- Developer: Studio Spektar
- Publisher: Studio Spektar
- Platform: Microsoft Windows
- Release: Microsoft Windows NA: 3 March 2017;
- Genre: Point-and-click adventure
- Mode: Single-player

= Viktor, a Steampunk Adventure =

2017 video game

Viktor, a Steampunk Adventure is a point n' click adventure game developed by Zagreb-based Studio Spektar. It boasts a cartoony steampunk setting placed in an imagined version of Agram, Austria-Hungary where characters are replaced by animals. The adventure follows Viktor, a boar disillusioned with his role as a janitor, and sets on a journey to become the next Emperor of Austria-Hungary. It was first released on Steam in March, 2017.

==Gameplay==
The game's core follows the classic point n' click adventure formula, but with some innovations on its own. For instance, the game is notable for its use of gibberish in recorded dialogue, which is supplemented with subtitles in English. It also uses records as collectibles, which could be used to change the game's musical backdrop.
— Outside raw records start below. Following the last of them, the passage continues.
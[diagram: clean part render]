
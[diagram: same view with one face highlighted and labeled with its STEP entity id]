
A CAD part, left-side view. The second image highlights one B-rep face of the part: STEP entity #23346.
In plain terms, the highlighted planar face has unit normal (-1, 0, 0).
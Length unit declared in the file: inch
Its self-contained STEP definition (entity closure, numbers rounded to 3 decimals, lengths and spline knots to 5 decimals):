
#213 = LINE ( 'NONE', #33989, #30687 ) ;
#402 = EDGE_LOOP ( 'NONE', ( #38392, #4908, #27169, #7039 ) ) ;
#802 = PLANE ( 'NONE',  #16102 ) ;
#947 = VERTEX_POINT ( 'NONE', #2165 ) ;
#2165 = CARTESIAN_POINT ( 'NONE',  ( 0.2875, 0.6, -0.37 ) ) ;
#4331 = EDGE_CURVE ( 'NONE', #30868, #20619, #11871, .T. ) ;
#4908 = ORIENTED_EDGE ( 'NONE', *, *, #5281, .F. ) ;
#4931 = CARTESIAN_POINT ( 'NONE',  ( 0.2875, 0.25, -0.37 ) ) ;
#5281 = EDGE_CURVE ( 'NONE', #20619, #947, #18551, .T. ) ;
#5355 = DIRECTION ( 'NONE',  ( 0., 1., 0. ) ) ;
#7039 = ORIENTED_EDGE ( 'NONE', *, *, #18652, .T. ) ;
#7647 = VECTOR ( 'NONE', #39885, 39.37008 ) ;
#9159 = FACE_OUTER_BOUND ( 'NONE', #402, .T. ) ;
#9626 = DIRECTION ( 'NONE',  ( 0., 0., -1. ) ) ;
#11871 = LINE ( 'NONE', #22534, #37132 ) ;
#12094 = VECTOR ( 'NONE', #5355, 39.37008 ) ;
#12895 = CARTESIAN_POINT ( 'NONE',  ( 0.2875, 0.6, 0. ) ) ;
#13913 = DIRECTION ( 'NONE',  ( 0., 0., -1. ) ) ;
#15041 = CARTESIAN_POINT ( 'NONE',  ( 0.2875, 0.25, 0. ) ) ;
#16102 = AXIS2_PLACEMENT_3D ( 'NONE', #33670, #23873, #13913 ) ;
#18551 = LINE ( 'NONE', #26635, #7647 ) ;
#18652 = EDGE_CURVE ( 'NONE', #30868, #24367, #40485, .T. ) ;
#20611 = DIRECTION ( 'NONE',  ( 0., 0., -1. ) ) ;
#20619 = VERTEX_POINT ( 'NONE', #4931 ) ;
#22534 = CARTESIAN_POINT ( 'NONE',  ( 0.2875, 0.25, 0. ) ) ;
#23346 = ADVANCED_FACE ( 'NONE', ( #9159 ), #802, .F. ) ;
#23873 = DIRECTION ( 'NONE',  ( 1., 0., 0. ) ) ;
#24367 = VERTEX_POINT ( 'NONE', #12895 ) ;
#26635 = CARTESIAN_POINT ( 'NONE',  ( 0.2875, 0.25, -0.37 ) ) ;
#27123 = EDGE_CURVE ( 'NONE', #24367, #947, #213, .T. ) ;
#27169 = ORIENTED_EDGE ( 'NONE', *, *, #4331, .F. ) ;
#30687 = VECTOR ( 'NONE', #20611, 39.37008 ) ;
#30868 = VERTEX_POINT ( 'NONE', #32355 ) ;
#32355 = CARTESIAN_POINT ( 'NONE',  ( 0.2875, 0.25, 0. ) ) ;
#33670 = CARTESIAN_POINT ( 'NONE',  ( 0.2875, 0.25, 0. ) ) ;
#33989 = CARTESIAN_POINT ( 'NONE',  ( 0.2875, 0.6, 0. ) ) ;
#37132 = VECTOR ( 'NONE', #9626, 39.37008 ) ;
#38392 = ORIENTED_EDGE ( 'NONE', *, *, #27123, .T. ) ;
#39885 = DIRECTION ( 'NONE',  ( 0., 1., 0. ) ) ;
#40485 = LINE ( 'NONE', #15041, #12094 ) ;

The entire game is littered with minigames often utilizing arcade instances and reflexes.

==Development==
The game went through an unsuccessful Kickstarter campaign, but was developed despite this due to the investment and passion of the developers in the project. One of the developers explained the process for choosing the setting as "When we decided to fragment the game in multiple episodes, it was logical that Viktor starts in Zagreb, or Agram in Austria-Hungary, which is in Sven’s world an industrial zone in the style of early twentieth century, only with more robots and mobile phones, rather than cockroaches".